• _EXERCISE INSTRUCTIONS_
What should you transcribe? Every line from the top of the records below through the line with "layer by layer", exactly, and no pictures.

• _EXERCISE MATERIALS_
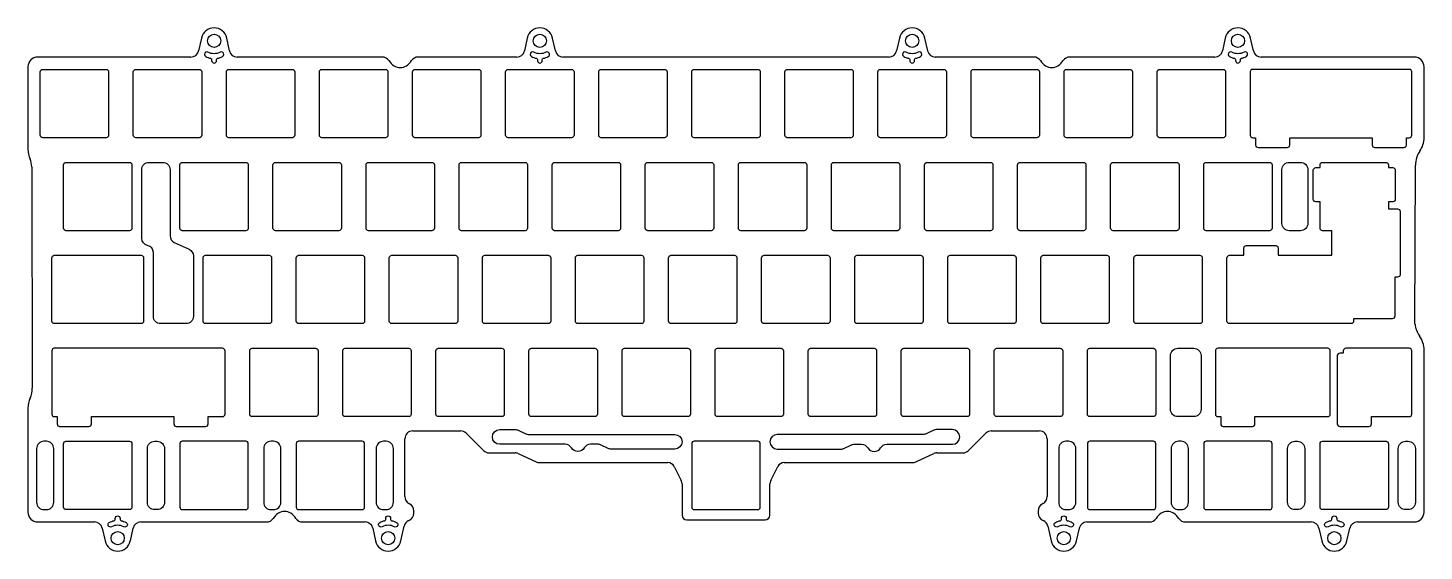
# Model space of a CAD drawing. Header units: millimetres. Extents: x 4 to 290, y 5 to 112.
import ezdxf

# ---------------------------------------------------------------- set-up
doc = ezdxf.new("R2010")
doc.units = ezdxf.units.MM
doc.layers.get('0').update_dxf_attribs({"linetype": 'CONTINUOUS'})

msp = doc.modelspace()

# ---------------------------------------------------------------- linework, layer by layer
for p, q in [((39.8, 109.75), (39.21, 107.1)), ((45.56, 107.1), (44.98, 109.75)), ((106.48, 109.75), (105.89, 107.1)), ((112.24, 107.1), (111.65, 109.75)), ((182.68, 109.75), (182.09, 107.1)), ((188.44, 107.1), (187.85, 109.75)), ((249.35, 109.75), (248.76, 107.1)), ((255.11, 107.1), (254.53, 109.75)), ((37.65, 105.85), (6.29, 105.85)), ((76.83, 105.85), (47.12, 105.85)), ((104.33, 105.85), (84.15, 105.85)), ((180.53, 105.85), (113.8, 105.85)), ((210.18, 105.85), (190, 105.85)), ((247.2, 105.85), (217.5, 105.85)), ((288.04, 105.85), (256.67, 105.85)), ((4.29, 103.85), (4.29, 86.99)), ((290.04, 89.33), (290.04, 103.85)), ((5.07, 83.33), (5.17, 38.02)), ((288.18, 51.14), (288.26, 83.71)), ((290.04, 12.6), (290.04, 45.8)), ((4.29, 33.9), (4.29, 12.6)), ((83.04, 29.25), (92.89, 29.25)), ((93.95, 28.81), (97.57, 25.2)), ((196.76, 25.2), (200.37, 28.81)), ((201.43, 29.25), (211.29, 29.25)), ((81.44, 15.79), (81.44, 27.65)), ((212.89, 27.65), (212.89, 15.79)), ((98.63, 24.76), (104.01, 24.76)), ((104.64, 24.62), (108.33, 22.9)), ((186, 22.9), (189.69, 24.62)), ((190.32, 24.76), (195.7, 24.76)), ((108.96, 22.76), (135.24, 22.76)), ((136.58, 21.93), (138, 19.07)), ((156.32, 19.07), (157.75, 21.93)), ((159.09, 22.76), (185.37, 22.76)), ((138.16, 18.4), (138.16, 12)), ((156.16, 12), (156.16, 18.4)), ((82.47, 14.27), (82.24, 14.4)), ((212.09, 14.4), (211.85, 14.27)), ((83.27, 12.38), (83.27, 12.88)), ((211.05, 12.88), (211.05, 12.38)), ((6.29, 10.6), (17.92, 10.6)), ((19.49, 9.35), (20.07, 6.7)), ((25.25, 6.7), (25.83, 9.35)), ((27.4, 10.6), (53.15, 10.6)), ((60.47, 10.6), (73.29, 10.6)), ((74.85, 9.35), (75.44, 6.7)), ((80.61, 6.7), (81.29, 9.75)), ((139.16, 11), (155.16, 11)), ((213.04, 9.75), (213.71, 6.7)), ((218.89, 6.7), (219.48, 9.35)), ((221.04, 10.6), (233.85, 10.6)), ((241.17, 10.6), (266.93, 10.6)), ((268.49, 9.35), (269.08, 6.7)), ((274.25, 6.7), (274.84, 9.35)), ((276.4, 10.6), (288.04, 10.6))]:
    msp.add_line(p, q)
for points in [[(40.67, 105.96, 0.074608), (41.69, 105.59, -0.358606), (41.89, 105.35), (41.89, 105.13, 1), (42.89, 105.13), (42.89, 105.35, -0.358606), (43.09, 105.59, 0.074608), (44.11, 105.96, 1), (43.64, 106.84, -0.250764), (41.14, 106.84, 1)], [(107.34, 105.96, 0.074608), (108.36, 105.59, -0.358606), (108.56, 105.35), (108.56, 105.13, 1), (109.56, 105.13), (109.56, 105.35, -0.358606), (109.77, 105.59, 0.074608), (110.79, 105.96, 1), (110.31, 106.84, -0.250764), (107.81, 106.84, 1)], [(183.54, 105.96, 0.074608), (184.56, 105.59, -0.358606), (184.76, 105.35), (184.76, 105.13, 1), (185.76, 105.13), (185.76, 105.35, -0.358606), (185.97, 105.59, 0.074608), (186.99, 105.96, 1), (186.51, 106.84, -0.250764), (184.01, 106.84, 1)], [(250.22, 105.96, 0.074608), (251.24, 105.59, -0.358606), (251.44, 105.35), (251.44, 105.13, 1), (252.44, 105.13), (252.44, 105.35, -0.358606), (252.64, 105.59, 0.074608), (253.66, 105.96, 1), (253.19, 106.84, -0.250764), (250.69, 106.84, 1)], [(20.31, 89.33), (7.31, 89.33, -0.414214), (6.81, 89.83), (6.81, 102.83, -0.414214), (7.31, 103.33), (20.31, 103.33, -0.414214), (20.81, 102.83), (20.81, 89.83, -0.414214)], [(26.36, 103.33), (39.36, 103.33, -0.414214), (39.86, 102.83), (39.86, 89.83, -0.414214), (39.36, 89.33), (26.36, 89.33, -0.414214), (25.86, 89.83), (25.86, 102.83, -0.414214)], [(45.41, 103.33), (58.41, 103.33, -0.414214), (58.91, 102.83), (58.91, 89.83, -0.414214), (58.41, 89.33), (45.41, 89.33, -0.414214), (44.91, 89.83), (44.91, 102.83, -0.414214)], [(64.46, 103.33), (77.46, 103.33, -0.414214), (77.96, 102.83), (77.96, 89.83, -0.414214), (77.46, 89.33), (64.46, 89.33, -0.414214), (63.96, 89.83), (63.96, 102.83, -0.414214)], [(83.51, 103.33), (96.51, 103.33, -0.414214), (97.01, 102.83), (97.01, 89.83, -0.414214), (96.51, 89.33), (83.51, 89.33, -0.414214), (83.01, 89.83), (83.01, 102.83, -0.414214)], [(102.56, 103.33), (115.56, 103.33, -0.414214), (116.06, 102.83), (116.06, 89.83, -0.414214), (115.56, 89.33), (102.56, 89.33, -0.414214), (102.06, 89.83), (102.06, 102.83, -0.414214)], [(121.61, 103.33), (134.61, 103.33, -0.414214), (135.11, 102.83), (135.11, 89.83, -0.414214), (134.61, 89.33), (121.61, 89.33, -0.414214), (121.11, 89.83), (121.11, 102.83, -0.414214)], [(140.66, 103.33), (153.66, 103.33, -0.414214), (154.16, 102.83), (154.16, 89.83, -0.414214), (153.66, 89.33), (140.66, 89.33, -0.414214), (140.16, 89.83), (140.16, 102.83, -0.414214)], [(173.21, 102.83), (173.21, 89.83, -0.414214), (172.71, 89.33), (159.71, 89.33, -0.414214), (159.21, 89.83), (159.21, 102.83, -0.414214), (159.71, 103.33), (172.71, 103.33, -0.414214)], [(178.76, 103.33), (191.76, 103.33, -0.414214), (192.26, 102.83), (192.26, 89.83, -0.414214), (191.76, 89.33), (178.76, 89.33, -0.414214), (178.26, 89.83), (178.26, 102.83, -0.414214)], [(210.81, 89.33), (197.81, 89.33, -0.414214), (197.31, 89.83), (197.31, 102.83, -0.414214), (197.81, 103.33), (210.81, 103.33, -0.414214), (211.31, 102.83), (211.31, 89.83, -0.414214)], [(229.86, 89.33), (216.86, 89.33, -0.414214), (216.36, 89.83), (216.36, 102.83, -0.414214), (216.86, 103.33), (229.86, 103.33, -0.414214), (230.36, 102.83), (230.36, 89.83, -0.414214)], [(248.91, 89.33), (235.91, 89.33, -0.414214), (235.41, 89.83), (235.41, 102.83, -0.414214), (235.91, 103.33), (248.91, 103.33, -0.414214), (249.41, 102.83), (249.41, 89.83, -0.414214)], [(287.51, 102.83, 0.414214), (287.01, 103.33), (254.96, 103.33, 0.414214), (254.46, 102.83), (254.46, 89.83, 0.414214), (254.96, 89.33), (255.55, 89.33), (255.55, 87.83, 0.414214), (256.05, 87.33), (262.05, 87.33, 0.414214), (262.55, 87.83), (262.55, 89.33), (279.43, 89.33), (279.43, 87.83, 0.414214), (279.93, 87.33), (285.93, 87.33, 0.414214), (286.43, 87.83), (286.43, 89.33), (287.01, 89.33, 0.414214), (287.51, 89.83)], [(25.08, 70.28), (12.08, 70.28, -0.414214), (11.58, 70.78), (11.58, 83.78, -0.414214), (12.08, 84.28), (25.08, 84.28, -0.414214), (25.58, 83.78), (25.58, 70.78, -0.414214)], [(29.08, 84.28), (31.89, 84.28, -0.414214), (33.39, 82.78), (33.39, 69.23, 0.291473), (34.25, 67.87), (37.28, 66.46, -0.291473), (38.15, 65.1), (38.15, 52.73, -0.414214), (36.65, 51.23), (31.46, 51.23, -0.414214), (29.96, 52.73), (29.96, 65.79, 0.354597), (28.77, 67.26, -0.354597), (27.58, 68.72), (27.58, 82.78, -0.414214)], [(35.89, 84.28), (48.89, 84.28, -0.414214), (49.39, 83.78), (49.39, 70.78, -0.414214), (48.89, 70.28), (35.89, 70.28, -0.414214), (35.39, 70.78), (35.39, 83.78, -0.414214)], [(54.94, 84.28), (67.94, 84.28, -0.414214), (68.44, 83.78), (68.44, 70.78, -0.414214), (67.94, 70.28), (54.94, 70.28, -0.414214), (54.44, 70.78), (54.44, 83.78, -0.414214)], [(73.99, 84.28), (86.99, 84.28, -0.414214), (87.49, 83.78), (87.49, 70.78, -0.414214), (86.99, 70.28), (73.99, 70.28, -0.414214), (73.49, 70.78), (73.49, 83.78, -0.414214)], [(93.04, 84.28), (106.04, 84.28, -0.414214), (106.54, 83.78), (106.54, 70.78, -0.414214), (106.04, 70.28), (93.04, 70.28, -0.414214), (92.54, 70.78), (92.54, 83.78, -0.414214)], [(112.09, 84.28), (125.09, 84.28, -0.414214), (125.59, 83.78), (125.59, 70.78, -0.414214), (125.09, 70.28), (112.09, 70.28, -0.414214), (111.59, 70.78), (111.59, 83.78, -0.414214)], [(131.14, 84.28), (144.14, 84.28, -0.414214), (144.64, 83.78), (144.64, 70.78, -0.414214), (144.14, 70.28), (131.14, 70.28, -0.414214), (130.64, 70.78), (130.64, 83.78, -0.414214)], [(150.19, 84.28), (163.19, 84.28, -0.414214), (163.69, 83.78), (163.69, 70.78, -0.414214), (163.19, 70.28), (150.19, 70.28, -0.414214), (149.69, 70.78), (149.69, 83.78, -0.414214)], [(169.24, 84.28), (182.24, 84.28, -0.414214), (182.74, 83.78), (182.74, 70.78, -0.414214), (182.24, 70.28), (169.24, 70.28, -0.414214), (168.74, 70.78), (168.74, 83.78, -0.414214)], [(188.29, 84.28), (201.29, 84.28, -0.414214), (201.79, 83.78), (201.79, 70.78, -0.414214), (201.29, 70.28), (188.29, 70.28, -0.414214), (187.79, 70.78), (187.79, 83.78, -0.414214)], [(207.34, 84.28), (220.34, 84.28, -0.414214), (220.84, 83.78), (220.84, 70.78, -0.414214), (220.34, 70.28), (207.34, 70.28, -0.414214), (206.84, 70.78), (206.84, 83.78, -0.414214)], [(226.39, 84.28), (239.39, 84.28, -0.414214), (239.89, 83.78), (239.89, 70.78, -0.414214), (239.39, 70.28), (226.39, 70.28, -0.414214), (225.89, 70.78), (225.89, 83.78, -0.414214)], [(245.44, 84.28), (258.44, 84.28, -0.414214), (258.94, 83.78), (258.94, 70.78, -0.414214), (258.44, 70.28), (245.44, 70.28, -0.414214), (244.94, 70.78), (244.94, 83.78, -0.414214)], [(260.17, 65.23), (271.13, 65.23), (271.13, 70.28), (269.25, 70.28, -0.414214), (268.75, 70.78), (268.75, 76.19), (267.87, 76.19, -0.414214), (267.37, 76.69), (267.37, 82.69, -0.414214), (267.87, 83.19), (268.75, 83.19), (268.75, 83.78, -0.414214), (269.25, 84.28), (282.25, 84.28, -0.414214), (282.75, 83.78), (282.75, 83.19), (283.63, 83.19, -0.414214), (284.13, 82.69), (284.13, 76.69, -0.414214), (283.63, 76.19), (282.75, 76.19), (282.75, 74.75), (284.63, 74.75, -0.414214), (285.13, 74.25), (285.13, 61.25, -0.414214), (284.63, 60.75), (284.04, 60.75), (284.04, 52.73, -0.414214), (283.54, 52.23), (275.61, 52.23), (275.61, 51.73, -0.414214), (275.11, 51.23), (250.2, 51.23, -0.414214), (249.7, 51.73), (249.7, 64.73, -0.414214), (250.2, 65.23), (253.17, 65.23), (253.17, 66.73, -0.414214), (253.67, 67.23), (259.67, 67.23, -0.414214), (260.17, 66.73)], [(264.75, 70.28), (262.44, 70.28, -0.414214), (260.94, 71.78), (260.94, 82.78, -0.414214), (262.44, 84.28), (264.75, 84.28, -0.414214), (266.25, 82.78), (266.25, 71.78, -0.414214)], [(27.46, 51.23), (9.69, 51.23, -0.414214), (9.19, 51.73), (9.19, 64.73, -0.414214), (9.69, 65.23), (27.46, 65.23, -0.414214), (27.96, 64.73), (27.96, 51.73, -0.414214)], [(40.65, 65.23), (53.65, 65.23, -0.414214), (54.15, 64.73), (54.15, 51.73, -0.414214), (53.65, 51.23), (40.65, 51.23, -0.414214), (40.15, 51.73), (40.15, 64.73, -0.414214)], [(59.7, 65.23), (72.7, 65.23, -0.414214), (73.2, 64.73), (73.2, 51.73, -0.414214), (72.7, 51.23), (59.7, 51.23, -0.414214), (59.2, 51.73), (59.2, 64.73, -0.414214)], [(78.75, 65.23), (91.75, 65.23, -0.414214), (92.25, 64.73), (92.25, 51.73, -0.414214), (91.75, 51.23), (78.75, 51.23, -0.414214), (78.25, 51.73), (78.25, 64.73, -0.414214)], [(97.8, 65.23), (110.8, 65.23, -0.414214), (111.3, 64.73), (111.3, 51.73, -0.414214), (110.8, 51.23), (97.8, 51.23, -0.414214), (97.3, 51.73), (97.3, 64.73, -0.414214)], [(116.85, 65.23), (129.85, 65.23, -0.414214), (130.35, 64.73), (130.35, 51.73, -0.414214), (129.85, 51.23), (116.85, 51.23, -0.414214), (116.35, 51.73), (116.35, 64.73, -0.414214)], [(149.4, 64.73), (149.4, 51.73, -0.414214), (148.9, 51.23), (135.9, 51.23, -0.414214), (135.4, 51.73), (135.4, 64.73, -0.414214), (135.9, 65.23), (148.9, 65.23, -0.414214)], [(154.95, 65.23), (167.95, 65.23, -0.414214), (168.45, 64.73), (168.45, 51.73, -0.414214), (167.95, 51.23), (154.95, 51.23, -0.414214), (154.45, 51.73), (154.45, 64.73, -0.414214)], [(174, 65.23), (187, 65.23, -0.414214), (187.5, 64.73), (187.5, 51.73, -0.414214), (187, 51.23), (174, 51.23, -0.414214), (173.5, 51.73), (173.5, 64.73, -0.414214)], [(206.05, 51.23), (193.05, 51.23, -0.414214), (192.55, 51.73), (192.55, 64.73, -0.414214), (193.05, 65.23), (206.05, 65.23, -0.414214), (206.55, 64.73), (206.55, 51.73, -0.414214)], [(212.1, 65.23), (225.1, 65.23, -0.414214), (225.6, 64.73), (225.6, 51.73, -0.414214), (225.1, 51.23), (212.1, 51.23, -0.414214), (211.6, 51.73), (211.6, 64.73, -0.414214)], [(231.15, 65.23), (244.15, 65.23, -0.414214), (244.65, 64.73), (244.65, 51.73, -0.414214), (244.15, 51.23), (231.15, 51.23, -0.414214), (230.65, 51.73), (230.65, 64.73, -0.414214)], [(44.63, 45.68, 0.414214), (44.13, 46.18), (9.69, 46.18, 0.414214), (9.19, 45.68), (9.19, 32.68, 0.414214), (9.69, 32.18), (10.28, 32.18), (10.28, 30.68, 0.414214), (10.78, 30.18), (16.78, 30.18, 0.414214), (17.28, 30.68), (17.28, 32.18), (34.16, 32.18), (34.16, 30.68, 0.414214), (34.66, 30.18), (40.66, 30.18, 0.414214), (41.16, 30.68), (41.16, 32.18), (44.13, 32.18, 0.414214), (44.63, 32.68)], [(50.18, 46.18), (63.18, 46.18, -0.414214), (63.68, 45.68), (63.68, 32.68, -0.414214), (63.18, 32.18), (50.18, 32.18, -0.414214), (49.68, 32.68), (49.68, 45.68, -0.414214)], [(69.23, 46.18), (82.23, 46.18, -0.414214), (82.73, 45.68), (82.73, 32.68, -0.414214), (82.23, 32.18), (69.23, 32.18, -0.414214), (68.73, 32.68), (68.73, 45.68, -0.414214)], [(101.28, 32.18), (88.28, 32.18, -0.414214), (87.78, 32.68), (87.78, 45.68, -0.414214), (88.28, 46.18), (101.28, 46.18, -0.414214), (101.78, 45.68), (101.78, 32.68, -0.414214)], [(107.33, 46.18), (120.33, 46.18, -0.414214), (120.83, 45.68), (120.83, 32.68, -0.414214), (120.33, 32.18), (107.33, 32.18, -0.414214), (106.83, 32.68), (106.83, 45.68, -0.414214)], [(126.38, 46.18), (139.38, 46.18, -0.414214), (139.88, 45.68), (139.88, 32.68, -0.414214), (139.38, 32.18), (126.38, 32.18, -0.414214), (125.88, 32.68), (125.88, 45.68, -0.414214)], [(145.43, 46.18), (158.43, 46.18, -0.414214), (158.93, 45.68), (158.93, 32.68, -0.414214), (158.43, 32.18), (145.43, 32.18, -0.414214), (144.93, 32.68), (144.93, 45.68, -0.414214)], [(164.48, 46.18), (177.48, 46.18, -0.414214), (177.98, 45.68), (177.98, 32.68, -0.414214), (177.48, 32.18), (164.48, 32.18, -0.414214), (163.98, 32.68), (163.98, 45.68, -0.414214)], [(183.53, 46.18), (196.53, 46.18, -0.414214), (197.03, 45.68), (197.03, 32.68, -0.414214), (196.53, 32.18), (183.53, 32.18, -0.414214), (183.03, 32.68), (183.03, 45.68, -0.414214)], [(202.58, 46.18), (215.58, 46.18, -0.414214), (216.08, 45.68), (216.08, 32.68, -0.414214), (215.58, 32.18), (202.58, 32.18, -0.414214), (202.08, 32.68), (202.08, 45.68, -0.414214)], [(235.13, 45.68), (235.13, 32.68, -0.414214), (234.63, 32.18), (221.63, 32.18, -0.414214), (221.13, 32.68), (221.13, 45.68, -0.414214), (221.63, 46.18), (234.63, 46.18, -0.414214)], [(238.13, 33.68), (238.13, 44.68, -0.414214), (239.63, 46.18), (242.91, 46.18, -0.414214), (244.41, 44.68), (244.41, 33.68, -0.414214), (242.91, 32.18), (239.63, 32.18, -0.414214)], [(270.84, 45.68, 0.414214), (270.34, 46.18), (247.82, 46.18, 0.414214), (247.32, 45.68), (247.32, 32.68, 0.414214), (247.82, 32.18), (248.41, 32.18), (248.41, 30.68, 0.414214), (248.91, 30.18), (254.91, 30.18, 0.414214), (255.41, 30.68), (255.41, 32.18), (270.34, 32.18, 0.414214), (270.84, 32.68)], [(287.51, 45.68, 0.414214), (287.01, 46.18), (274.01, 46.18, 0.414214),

• _RESULT OF THIS TASK_
# Model space of a CAD drawing. Header units: millimetres. Extents: x 4 to 290, y 5 to 112.
import ezdxf

# ---------------------------------------------------------------- set-up
doc = ezdxf.new("R2010")
doc.units = ezdxf.units.MM
doc.layers.get('0').update_dxf_attribs({"linetype": 'CONTINUOUS'})

msp = doc.modelspace()

# ---------------------------------------------------------------- linework, layer by layer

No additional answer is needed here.